Now that is my kind of fun. This wasn’t a mission where the player gets to use vehicles. But if we’d reached an enemy tank that was unoccupied we could have mounted it. The game is very flexible in this way. Be warned though, if you are the kind of persons who gets peeved when a flight or tank sim has a screw out of place then Operation Flashpoint isn’t for you.

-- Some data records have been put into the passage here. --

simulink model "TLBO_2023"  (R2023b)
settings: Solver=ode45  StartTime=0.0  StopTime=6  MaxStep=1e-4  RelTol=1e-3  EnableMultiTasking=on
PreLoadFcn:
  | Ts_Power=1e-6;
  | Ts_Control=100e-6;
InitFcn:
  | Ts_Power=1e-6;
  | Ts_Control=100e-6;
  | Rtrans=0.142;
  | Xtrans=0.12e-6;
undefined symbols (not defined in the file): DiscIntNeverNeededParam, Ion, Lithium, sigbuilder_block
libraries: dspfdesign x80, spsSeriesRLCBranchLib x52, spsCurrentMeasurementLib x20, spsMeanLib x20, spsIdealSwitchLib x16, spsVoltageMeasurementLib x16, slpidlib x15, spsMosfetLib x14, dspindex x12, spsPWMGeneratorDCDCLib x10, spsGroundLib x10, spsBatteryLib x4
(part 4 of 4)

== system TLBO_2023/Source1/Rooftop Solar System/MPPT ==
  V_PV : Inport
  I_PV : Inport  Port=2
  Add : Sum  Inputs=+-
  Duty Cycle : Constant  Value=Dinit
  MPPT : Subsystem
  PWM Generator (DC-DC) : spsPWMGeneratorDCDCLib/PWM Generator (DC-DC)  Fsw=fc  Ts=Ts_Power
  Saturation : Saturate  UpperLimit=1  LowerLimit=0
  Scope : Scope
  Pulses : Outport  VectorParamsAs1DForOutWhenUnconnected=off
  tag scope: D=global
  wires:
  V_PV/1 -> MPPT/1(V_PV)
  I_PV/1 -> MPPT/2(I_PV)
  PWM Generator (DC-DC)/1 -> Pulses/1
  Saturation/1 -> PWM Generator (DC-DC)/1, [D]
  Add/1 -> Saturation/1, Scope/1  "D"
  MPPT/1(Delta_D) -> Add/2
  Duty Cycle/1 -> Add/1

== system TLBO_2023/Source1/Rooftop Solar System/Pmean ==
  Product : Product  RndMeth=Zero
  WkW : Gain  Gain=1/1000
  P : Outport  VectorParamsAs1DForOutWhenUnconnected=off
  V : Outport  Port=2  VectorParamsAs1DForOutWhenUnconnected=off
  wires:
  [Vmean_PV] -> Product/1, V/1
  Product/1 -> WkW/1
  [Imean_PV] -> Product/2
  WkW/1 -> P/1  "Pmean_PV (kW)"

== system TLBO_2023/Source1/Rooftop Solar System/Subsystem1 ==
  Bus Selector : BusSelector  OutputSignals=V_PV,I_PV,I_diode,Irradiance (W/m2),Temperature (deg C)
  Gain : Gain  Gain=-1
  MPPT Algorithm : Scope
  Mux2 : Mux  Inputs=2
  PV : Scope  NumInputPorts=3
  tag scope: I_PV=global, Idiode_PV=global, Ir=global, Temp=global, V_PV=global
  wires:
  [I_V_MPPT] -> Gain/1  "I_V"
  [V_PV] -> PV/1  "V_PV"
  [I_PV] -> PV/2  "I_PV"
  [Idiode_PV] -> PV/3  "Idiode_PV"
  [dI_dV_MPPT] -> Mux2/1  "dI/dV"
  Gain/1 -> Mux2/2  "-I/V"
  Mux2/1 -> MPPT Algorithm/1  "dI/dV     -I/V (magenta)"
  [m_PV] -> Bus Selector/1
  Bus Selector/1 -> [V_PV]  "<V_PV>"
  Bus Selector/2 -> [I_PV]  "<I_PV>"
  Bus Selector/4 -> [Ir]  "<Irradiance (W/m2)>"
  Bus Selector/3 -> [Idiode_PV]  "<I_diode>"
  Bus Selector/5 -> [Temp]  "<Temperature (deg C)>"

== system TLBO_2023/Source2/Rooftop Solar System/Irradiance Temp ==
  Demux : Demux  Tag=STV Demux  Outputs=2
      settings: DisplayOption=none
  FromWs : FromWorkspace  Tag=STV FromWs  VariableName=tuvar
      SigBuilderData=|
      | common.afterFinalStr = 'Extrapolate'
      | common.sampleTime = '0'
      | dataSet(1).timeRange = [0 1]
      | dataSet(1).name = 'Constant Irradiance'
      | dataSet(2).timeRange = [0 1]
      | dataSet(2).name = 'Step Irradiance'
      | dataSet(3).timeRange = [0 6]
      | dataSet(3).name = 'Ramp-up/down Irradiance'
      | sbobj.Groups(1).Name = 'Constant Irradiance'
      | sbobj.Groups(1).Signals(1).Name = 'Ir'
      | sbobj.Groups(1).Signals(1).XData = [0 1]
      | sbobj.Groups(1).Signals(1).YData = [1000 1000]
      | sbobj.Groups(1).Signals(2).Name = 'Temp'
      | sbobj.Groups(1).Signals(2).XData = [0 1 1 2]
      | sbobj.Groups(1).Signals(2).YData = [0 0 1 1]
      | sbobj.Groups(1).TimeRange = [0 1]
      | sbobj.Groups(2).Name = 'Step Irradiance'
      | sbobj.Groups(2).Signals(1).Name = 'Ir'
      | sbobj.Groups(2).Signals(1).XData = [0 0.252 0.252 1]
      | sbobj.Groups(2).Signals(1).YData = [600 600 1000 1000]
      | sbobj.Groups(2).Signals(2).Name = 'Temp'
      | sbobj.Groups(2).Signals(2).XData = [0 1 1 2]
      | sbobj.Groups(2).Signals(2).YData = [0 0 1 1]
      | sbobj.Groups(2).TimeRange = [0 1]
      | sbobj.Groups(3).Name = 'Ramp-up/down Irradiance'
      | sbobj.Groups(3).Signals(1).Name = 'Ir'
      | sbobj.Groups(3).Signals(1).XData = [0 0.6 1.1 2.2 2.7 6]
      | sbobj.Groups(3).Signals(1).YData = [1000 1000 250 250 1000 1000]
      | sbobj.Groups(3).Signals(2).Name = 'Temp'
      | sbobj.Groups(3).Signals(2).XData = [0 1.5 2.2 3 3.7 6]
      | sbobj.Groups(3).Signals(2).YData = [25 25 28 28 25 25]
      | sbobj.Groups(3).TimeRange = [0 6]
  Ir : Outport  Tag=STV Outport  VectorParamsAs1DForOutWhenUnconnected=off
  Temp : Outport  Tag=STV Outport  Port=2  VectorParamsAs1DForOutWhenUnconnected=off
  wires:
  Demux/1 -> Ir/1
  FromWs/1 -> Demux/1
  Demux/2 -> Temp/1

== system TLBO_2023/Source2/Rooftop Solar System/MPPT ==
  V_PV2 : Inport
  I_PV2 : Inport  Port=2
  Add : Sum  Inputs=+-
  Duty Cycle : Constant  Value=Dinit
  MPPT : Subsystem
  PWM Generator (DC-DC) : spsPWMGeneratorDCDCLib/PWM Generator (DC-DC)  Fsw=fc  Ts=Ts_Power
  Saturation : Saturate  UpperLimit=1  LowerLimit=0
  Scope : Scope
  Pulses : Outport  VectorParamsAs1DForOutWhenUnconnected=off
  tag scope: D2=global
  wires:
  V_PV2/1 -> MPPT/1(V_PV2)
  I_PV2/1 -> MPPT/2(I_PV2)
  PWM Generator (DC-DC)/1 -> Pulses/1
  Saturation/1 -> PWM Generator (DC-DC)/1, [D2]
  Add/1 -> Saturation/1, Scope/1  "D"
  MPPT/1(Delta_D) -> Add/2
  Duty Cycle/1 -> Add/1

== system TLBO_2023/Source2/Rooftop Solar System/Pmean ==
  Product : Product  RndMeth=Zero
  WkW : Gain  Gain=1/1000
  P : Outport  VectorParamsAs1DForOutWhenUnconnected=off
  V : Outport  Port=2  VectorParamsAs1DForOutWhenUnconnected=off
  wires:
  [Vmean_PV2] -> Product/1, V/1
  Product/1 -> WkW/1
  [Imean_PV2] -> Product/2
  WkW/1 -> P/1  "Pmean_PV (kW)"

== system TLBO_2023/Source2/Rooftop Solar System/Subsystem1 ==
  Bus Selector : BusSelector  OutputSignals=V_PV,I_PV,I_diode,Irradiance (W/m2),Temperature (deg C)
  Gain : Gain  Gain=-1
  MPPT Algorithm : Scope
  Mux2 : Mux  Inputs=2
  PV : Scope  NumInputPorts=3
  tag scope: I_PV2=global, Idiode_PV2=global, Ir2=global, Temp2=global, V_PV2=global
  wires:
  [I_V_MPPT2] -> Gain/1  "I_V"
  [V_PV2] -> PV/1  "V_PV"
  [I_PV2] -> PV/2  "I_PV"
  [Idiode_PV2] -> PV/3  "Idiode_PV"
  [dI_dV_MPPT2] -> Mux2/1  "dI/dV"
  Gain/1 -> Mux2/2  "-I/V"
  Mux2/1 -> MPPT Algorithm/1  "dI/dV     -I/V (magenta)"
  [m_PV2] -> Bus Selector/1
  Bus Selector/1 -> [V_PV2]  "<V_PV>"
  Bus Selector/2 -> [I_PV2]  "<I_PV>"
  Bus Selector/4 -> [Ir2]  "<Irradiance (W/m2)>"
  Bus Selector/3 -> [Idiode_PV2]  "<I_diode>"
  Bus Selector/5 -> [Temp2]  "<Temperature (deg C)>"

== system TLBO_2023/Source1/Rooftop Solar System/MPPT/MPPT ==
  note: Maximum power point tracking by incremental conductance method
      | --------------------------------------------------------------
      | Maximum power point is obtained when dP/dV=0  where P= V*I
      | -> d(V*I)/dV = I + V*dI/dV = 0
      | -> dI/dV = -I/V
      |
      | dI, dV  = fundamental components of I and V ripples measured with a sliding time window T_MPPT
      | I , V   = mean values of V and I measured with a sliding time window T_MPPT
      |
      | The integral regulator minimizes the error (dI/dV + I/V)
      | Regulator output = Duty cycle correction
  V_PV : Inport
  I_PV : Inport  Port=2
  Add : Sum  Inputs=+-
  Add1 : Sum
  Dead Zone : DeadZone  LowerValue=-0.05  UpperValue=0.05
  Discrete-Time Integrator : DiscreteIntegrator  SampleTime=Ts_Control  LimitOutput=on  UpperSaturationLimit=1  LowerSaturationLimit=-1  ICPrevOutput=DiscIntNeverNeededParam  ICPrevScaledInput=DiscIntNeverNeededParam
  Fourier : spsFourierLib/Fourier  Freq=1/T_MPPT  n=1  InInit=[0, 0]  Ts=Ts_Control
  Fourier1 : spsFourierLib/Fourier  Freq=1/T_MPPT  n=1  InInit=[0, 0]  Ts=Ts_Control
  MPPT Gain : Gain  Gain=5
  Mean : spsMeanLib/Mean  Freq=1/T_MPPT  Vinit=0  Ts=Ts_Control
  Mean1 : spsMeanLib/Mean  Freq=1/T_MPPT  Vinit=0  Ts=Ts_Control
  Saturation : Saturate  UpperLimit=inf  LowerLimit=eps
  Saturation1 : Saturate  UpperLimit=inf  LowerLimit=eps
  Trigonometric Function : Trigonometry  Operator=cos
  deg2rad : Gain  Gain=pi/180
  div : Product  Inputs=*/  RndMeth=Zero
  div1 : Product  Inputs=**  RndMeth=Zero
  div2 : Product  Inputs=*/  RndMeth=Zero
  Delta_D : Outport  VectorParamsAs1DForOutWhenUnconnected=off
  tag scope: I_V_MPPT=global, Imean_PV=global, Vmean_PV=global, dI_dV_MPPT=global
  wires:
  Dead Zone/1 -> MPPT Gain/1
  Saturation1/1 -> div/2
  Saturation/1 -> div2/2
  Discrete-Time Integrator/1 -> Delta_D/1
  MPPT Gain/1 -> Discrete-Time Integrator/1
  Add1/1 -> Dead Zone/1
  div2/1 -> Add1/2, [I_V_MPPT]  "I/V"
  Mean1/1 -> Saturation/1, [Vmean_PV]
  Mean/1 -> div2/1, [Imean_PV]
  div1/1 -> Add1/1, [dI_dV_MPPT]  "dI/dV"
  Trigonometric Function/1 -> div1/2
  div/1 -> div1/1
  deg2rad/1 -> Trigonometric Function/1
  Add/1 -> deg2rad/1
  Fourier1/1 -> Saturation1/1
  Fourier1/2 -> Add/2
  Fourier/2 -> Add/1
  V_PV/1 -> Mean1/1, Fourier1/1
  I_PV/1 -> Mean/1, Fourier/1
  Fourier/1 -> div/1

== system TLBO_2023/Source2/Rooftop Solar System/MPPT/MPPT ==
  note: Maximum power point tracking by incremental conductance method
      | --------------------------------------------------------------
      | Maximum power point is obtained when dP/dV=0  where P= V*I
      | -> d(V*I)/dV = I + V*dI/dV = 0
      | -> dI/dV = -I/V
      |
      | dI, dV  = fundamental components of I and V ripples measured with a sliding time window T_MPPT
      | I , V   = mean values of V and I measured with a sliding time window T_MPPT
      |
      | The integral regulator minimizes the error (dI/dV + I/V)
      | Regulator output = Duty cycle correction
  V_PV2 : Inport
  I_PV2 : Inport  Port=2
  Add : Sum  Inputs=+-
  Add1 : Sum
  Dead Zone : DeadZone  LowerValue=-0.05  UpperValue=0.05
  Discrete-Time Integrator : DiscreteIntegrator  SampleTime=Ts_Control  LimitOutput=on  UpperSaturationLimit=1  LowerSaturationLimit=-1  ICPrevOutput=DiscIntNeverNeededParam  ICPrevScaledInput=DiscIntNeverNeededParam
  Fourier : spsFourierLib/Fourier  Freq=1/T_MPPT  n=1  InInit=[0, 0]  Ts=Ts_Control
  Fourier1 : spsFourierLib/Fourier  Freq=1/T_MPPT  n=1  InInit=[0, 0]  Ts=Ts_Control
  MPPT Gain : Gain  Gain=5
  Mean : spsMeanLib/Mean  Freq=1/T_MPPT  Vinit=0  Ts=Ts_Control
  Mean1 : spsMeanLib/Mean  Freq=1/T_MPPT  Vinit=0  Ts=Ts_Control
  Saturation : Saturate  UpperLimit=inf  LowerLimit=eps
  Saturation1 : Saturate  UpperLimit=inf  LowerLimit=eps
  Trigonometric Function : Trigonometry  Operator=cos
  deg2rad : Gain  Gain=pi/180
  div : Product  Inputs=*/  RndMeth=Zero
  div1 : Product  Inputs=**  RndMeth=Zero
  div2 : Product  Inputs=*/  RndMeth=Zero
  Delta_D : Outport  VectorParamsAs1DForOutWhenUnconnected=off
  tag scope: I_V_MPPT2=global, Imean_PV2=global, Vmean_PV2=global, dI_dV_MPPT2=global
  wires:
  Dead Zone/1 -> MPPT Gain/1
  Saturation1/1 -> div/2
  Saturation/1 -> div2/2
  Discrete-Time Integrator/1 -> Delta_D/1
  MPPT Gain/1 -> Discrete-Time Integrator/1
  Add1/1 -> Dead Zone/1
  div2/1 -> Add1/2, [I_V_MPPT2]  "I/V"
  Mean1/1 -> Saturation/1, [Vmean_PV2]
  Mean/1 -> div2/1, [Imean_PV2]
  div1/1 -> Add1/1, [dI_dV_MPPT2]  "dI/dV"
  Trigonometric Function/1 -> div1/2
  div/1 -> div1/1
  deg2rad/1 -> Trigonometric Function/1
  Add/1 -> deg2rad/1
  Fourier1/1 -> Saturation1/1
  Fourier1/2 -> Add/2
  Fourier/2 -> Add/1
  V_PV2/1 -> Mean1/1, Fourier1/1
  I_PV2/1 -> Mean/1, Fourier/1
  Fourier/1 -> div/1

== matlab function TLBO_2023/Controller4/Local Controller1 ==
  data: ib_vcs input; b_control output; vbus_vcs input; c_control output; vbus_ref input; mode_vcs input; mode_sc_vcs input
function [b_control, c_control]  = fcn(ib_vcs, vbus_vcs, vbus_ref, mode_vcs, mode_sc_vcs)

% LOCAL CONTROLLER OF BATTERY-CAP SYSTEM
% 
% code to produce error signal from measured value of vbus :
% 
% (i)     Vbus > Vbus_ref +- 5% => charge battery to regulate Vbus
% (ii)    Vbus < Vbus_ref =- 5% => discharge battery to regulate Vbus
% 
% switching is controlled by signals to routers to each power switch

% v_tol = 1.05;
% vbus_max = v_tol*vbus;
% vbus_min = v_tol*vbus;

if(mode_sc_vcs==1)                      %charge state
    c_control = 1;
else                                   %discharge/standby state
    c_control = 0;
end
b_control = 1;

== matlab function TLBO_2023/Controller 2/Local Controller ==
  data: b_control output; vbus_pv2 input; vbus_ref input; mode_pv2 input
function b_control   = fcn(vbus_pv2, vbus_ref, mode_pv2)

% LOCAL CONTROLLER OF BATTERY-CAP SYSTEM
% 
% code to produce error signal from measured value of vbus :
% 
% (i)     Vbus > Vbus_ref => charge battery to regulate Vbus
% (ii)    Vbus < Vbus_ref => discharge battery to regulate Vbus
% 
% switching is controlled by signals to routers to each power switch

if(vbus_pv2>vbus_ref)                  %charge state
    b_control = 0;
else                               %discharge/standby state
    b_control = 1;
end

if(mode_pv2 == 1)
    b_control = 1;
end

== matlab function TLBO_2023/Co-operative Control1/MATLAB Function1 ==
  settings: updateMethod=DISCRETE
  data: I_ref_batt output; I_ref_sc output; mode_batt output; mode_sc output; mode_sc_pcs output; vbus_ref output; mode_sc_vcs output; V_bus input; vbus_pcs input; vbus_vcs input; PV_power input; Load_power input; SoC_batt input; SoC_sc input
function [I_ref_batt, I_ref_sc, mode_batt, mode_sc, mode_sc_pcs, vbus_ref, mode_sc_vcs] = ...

Tank battles take place at point blank range; long distance gunnery exhibitions are rare. What Bohemia has done with Operation Flashpoint is create a game that is based on reality but with concessions being made to the most important aspect of a game – fun. So there are medic tents where a bullet wound can be instantly healed, tanks hit by RPG jump like they been sideswiped by an asteroid.
One of the things that usually annoys me about wargames, whether based in the air, space or land is that the whole conflict rests on the shoulders of the player. It’s galling in Starlancer to be kicked out of the force because you couldn’t quite take out a massive battle cruiser on your own. As the destruction of the Shilka in the previous mission demonstrates, you are part of a team. Yes mistakes will be met with a reprimand from the brass, but no one expects you to win every battle on your own. CPU controlled comrades are bright and skilled enough to handle battles on their own.